А ведь он наверняка воевал, – подумал Николас. – Шестьдесят лет назад Эрт Антер уже работал в Комитете Коррекции. На время войны агенты Комитета стали офицерами, «тренерами» мантийских «спортсменов». Фронтовик, ветеран… Сотрудники аппарата внешнего влияния умеют имитировать такую агрессию, какая и людям-то не всегда удаётся.
А мы – между двух огней, двух великих зол, готовых сойтись в новой схватке. Нет, мы не станем случайной жертвой, станем неслучайной, из нас хотят выковать смертоносное остриё, но что это изменит для нас? “Звёздный легион”, – сказал Йеллен. Но легионеры не были пушечным мясом, они не шли в бой первыми, где ещё в истории сыскать такую воинскую часть, где каждый солдат – уникальная ценность… Звёздного легиона больше не будет. Акена может сколько угодно играть в звания и титулы времён своего деда. Молния не бьёт дважды в одно место, и дух не возвращается в оболочку, которую однажды покинул».
Николас оценил ход собственных мыслей и поморщился с кривоватой усмешкой. Не стоило вообще об этом думать. Он потёр лоб, зажмурился, разожмурился и вернулся к списку книг.
«Мы скованы собственной психофизиологией, – думал он, – пролистывая файл с названиями, мы не способны вообразить мышление существа, лишённого инстинктов.
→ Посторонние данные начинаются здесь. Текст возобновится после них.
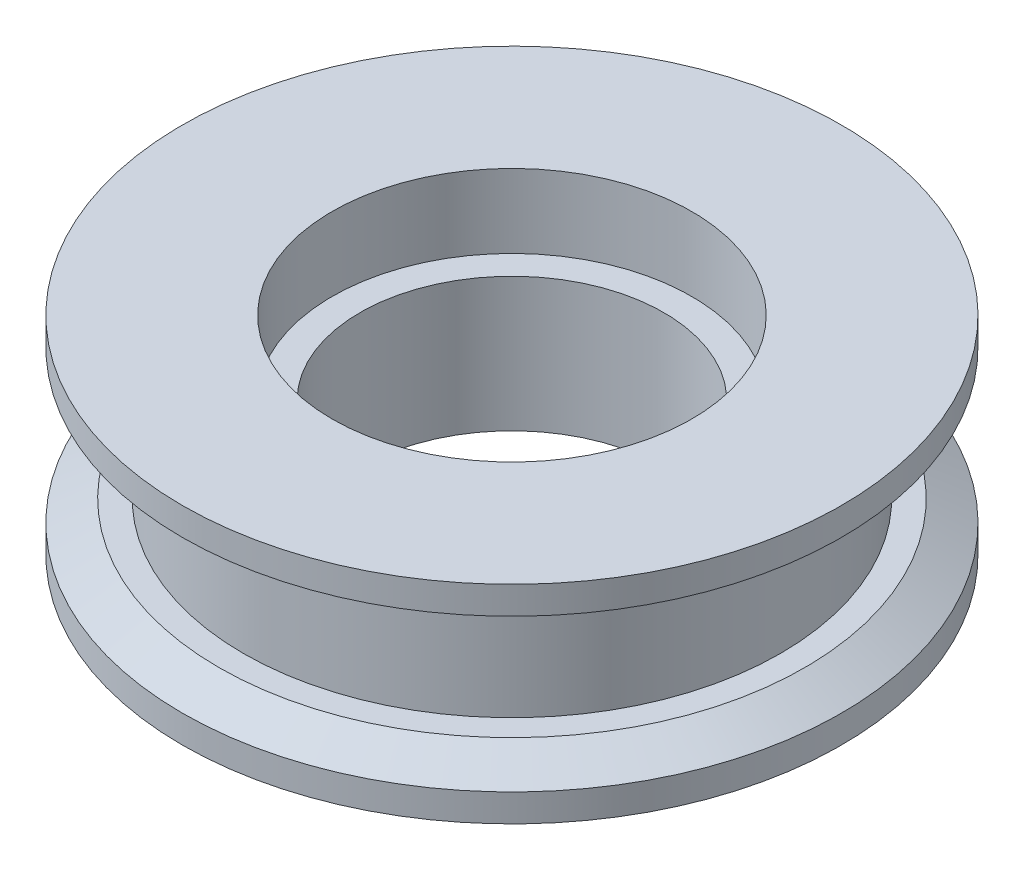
ISO-10303-21;
HEADER;
FILE_DESCRIPTION(('STEP AP214'),'2;1');
FILE_NAME('part.step','',(''),(''),'','','');
FILE_SCHEMA(('AUTOMOTIVE_DESIGN { 1 0 10303 214 1 1 1 1 }'));
ENDSEC;
DATA;
#1=APPLICATION_CONTEXT('core data for automotive mechanical design processes');
#2=APPLICATION_PROTOCOL_DEFINITION('international standard','automotive_design',2000,#1);
#3=PRODUCT_CONTEXT('',#1,'mechanical');
#4=PRODUCT('Part','Part','',(#3));
#5=PRODUCT_RELATED_PRODUCT_CATEGORY('part','',(#4));
#6=PRODUCT_DEFINITION_FORMATION('','',#4);
#7=PRODUCT_DEFINITION_CONTEXT('part definition',#1,'design');
#8=PRODUCT_DEFINITION('design','',#6,#7);
#9=PRODUCT_DEFINITION_SHAPE('','',#8);
#10=(LENGTH_UNIT() NAMED_UNIT(*) SI_UNIT(.MILLI.,.METRE.));
#11=(NAMED_UNIT(*) PLANE_ANGLE_UNIT() SI_UNIT($,.RADIAN.));
#12=(NAMED_UNIT(*) SI_UNIT($,.STERADIAN.) SOLID_ANGLE_UNIT());
#13=UNCERTAINTY_MEASURE_WITH_UNIT(LENGTH_MEASURE(1.E-05),#10,'distance_accuracy_value','');
#14=(GEOMETRIC_REPRESENTATION_CONTEXT(3) GLOBAL_UNCERTAINTY_ASSIGNED_CONTEXT((#13)) GLOBAL_UNIT_ASSIGNED_CONTEXT((#10,
#11,#12)) REPRESENTATION_CONTEXT('',''));
#15=CARTESIAN_POINT('',(0.,0.,0.));
#16=DIRECTION('',(0.,0.,1.));
#17=DIRECTION('',(1.,0.,0.));
#18=AXIS2_PLACEMENT_3D('',#15,#16,#17);
#19=CARTESIAN_POINT('',(409.,-812.8,-284.));
#20=DIRECTION('',(0.,1.,0.));
#21=DIRECTION('',(0.,0.,1.));
#22=AXIS2_PLACEMENT_3D('',#19,#20,#21);
#23=CYLINDRICAL_SURFACE('',#22,6.22299999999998);
#24=CARTESIAN_POINT('',(409.,8.00000000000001,-284.));
#25=DIRECTION('',(0.,1.,0.));
#26=DIRECTION('',(0.,0.,1.));
#27=AXIS2_PLACEMENT_3D('',#24,#25,#26);
#28=CIRCLE('',#27,6.22299999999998);
#29=CARTESIAN_POINT('',(409.,8.00000000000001,-277.777));
#30=VERTEX_POINT('',#29);
#31=EDGE_CURVE('E60',#30,#30,#28,.T.);
#32=ORIENTED_EDGE('',*,*,#31,.F.);
#33=EDGE_LOOP('',(#32));
#34=FACE_BOUND('',#33,.T.);
#35=CARTESIAN_POINT('',(409.,13.4840000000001,-284.));
#36=DIRECTION('',(0.,1.,0.));
#37=DIRECTION('',(0.,0.,1.));
#38=AXIS2_PLACEMENT_3D('',#35,#36,#37);
#39=CIRCLE('',#38,6.22299999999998);
#40=CARTESIAN_POINT('',(409.,13.4840000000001,-277.777));
#41=VERTEX_POINT('',#40);
#42=EDGE_CURVE('E32',#41,#41,#39,.F.);
#43=ORIENTED_EDGE('',*,*,#42,.F.);
#44=EDGE_LOOP('',(#43));
#45=FACE_BOUND('',#44,.T.);
#46=ADVANCED_FACE('F28',(#34,#45),#23,.F.);
#47=CARTESIAN_POINT('',(409.,10.,-284.));
#48=DIRECTION('',(0.,1.,0.));
#49=DIRECTION('',(0.,0.,1.));
#50=AXIS2_PLACEMENT_3D('',#47,#48,#49);
#51=PLANE('',#50);
#52=CARTESIAN_POINT('',(409.,10.,-284.));
#53=DIRECTION('',(0.,1.,0.));
#54=DIRECTION('',(0.,0.,1.));
#55=AXIS2_PLACEMENT_3D('',#52,#53,#54);
#56=CIRCLE('',#55,12.);
#57=CARTESIAN_POINT('',(409.,10.,-272.));
#58=VERTEX_POINT('',#57);
#59=EDGE_CURVE('E45',#58,#58,#56,.T.);
#60=ORIENTED_EDGE('',*,*,#59,.T.);
#61=EDGE_LOOP('',(#60));
#62=FACE_BOUND('',#61,.T.);
#63=CARTESIAN_POINT('',(409.,10.,-284.));
#64=DIRECTION('',(0.,1.,0.));
#65=DIRECTION('',(0.,0.,1.));
#66=AXIS2_PLACEMENT_3D('',#63,#64,#65);
#67=CIRCLE('',#66,11.);
#68=CARTESIAN_POINT('',(409.,10.,-273.));
#69=VERTEX_POINT('',#68);
#70=EDGE_CURVE('E52',#69,#69,#67,.T.);
#71=ORIENTED_EDGE('',*,*,#70,.F.);
#72=EDGE_LOOP('',(#71));
#73=FACE_BOUND('',#72,.T.);
#74=ADVANCED_FACE('F92',(#62,#73),#51,.T.);
#75=CARTESIAN_POINT('',(409.,10.,-284.));
#76=DIRECTION('',(0.,-1.,0.));
#77=DIRECTION('',(0.,0.,-1.));
#78=AXIS2_PLACEMENT_3D('',#75,#76,#77);
#79=CYLINDRICAL_SURFACE('',#78,13.5);
#80=CARTESIAN_POINT('',(409.,9.13397459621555,-284.));
#81=DIRECTION('',(0.,1.,0.));
#82=DIRECTION('',(0.,0.,1.));
#83=AXIS2_PLACEMENT_3D('',#80,#81,#82);
#84=CIRCLE('',#83,13.5);
#85=CARTESIAN_POINT('',(409.,9.13397459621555,-270.5));
#86=VERTEX_POINT('',#85);
#87=EDGE_CURVE('E40',#86,#86,#84,.F.);
#88=ORIENTED_EDGE('',*,*,#87,.T.);
#89=EDGE_LOOP('',(#88));
#90=FACE_BOUND('',#89,.T.);
#91=CARTESIAN_POINT('',(409.,8.,-284.));
#92=DIRECTION('',(0.,1.,0.));
#93=DIRECTION('',(0.,0.,1.));
#94=AXIS2_PLACEMENT_3D('',#91,#92,#93);
#95=CIRCLE('',#94,13.5);
#96=CARTESIAN_POINT('',(409.,8.,-270.5));
#97=VERTEX_POINT('',#96);
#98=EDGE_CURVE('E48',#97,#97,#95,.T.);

Вернее, мышление как раз можем, потому что сами обладаем рацио. Но эмоциональный мир остаётся тайной за семью печатями, а именно там рождаются побуждения, которые рацио обслуживает…»
Он полулежал в кресле с планшеткой на коленях. Верхний свет в каюте был выключен, горели только торшеры. На голографическом потолке колыхались сумеречные ветви деревьев, порой меж ними проглядывали звёзды и луны. Программа показывала вечер обратного двулуния на Циалеше, когда Старшая луна убывает, а Младшая растёт… Эрвин ушёл в спортзал корабля тренироваться. Без него было пусто и как-то до неуюта просторно, словно он занимал собой большую часть пространства. Николас откинул голову, посмотрел в иллюзорное небо и вздохнул.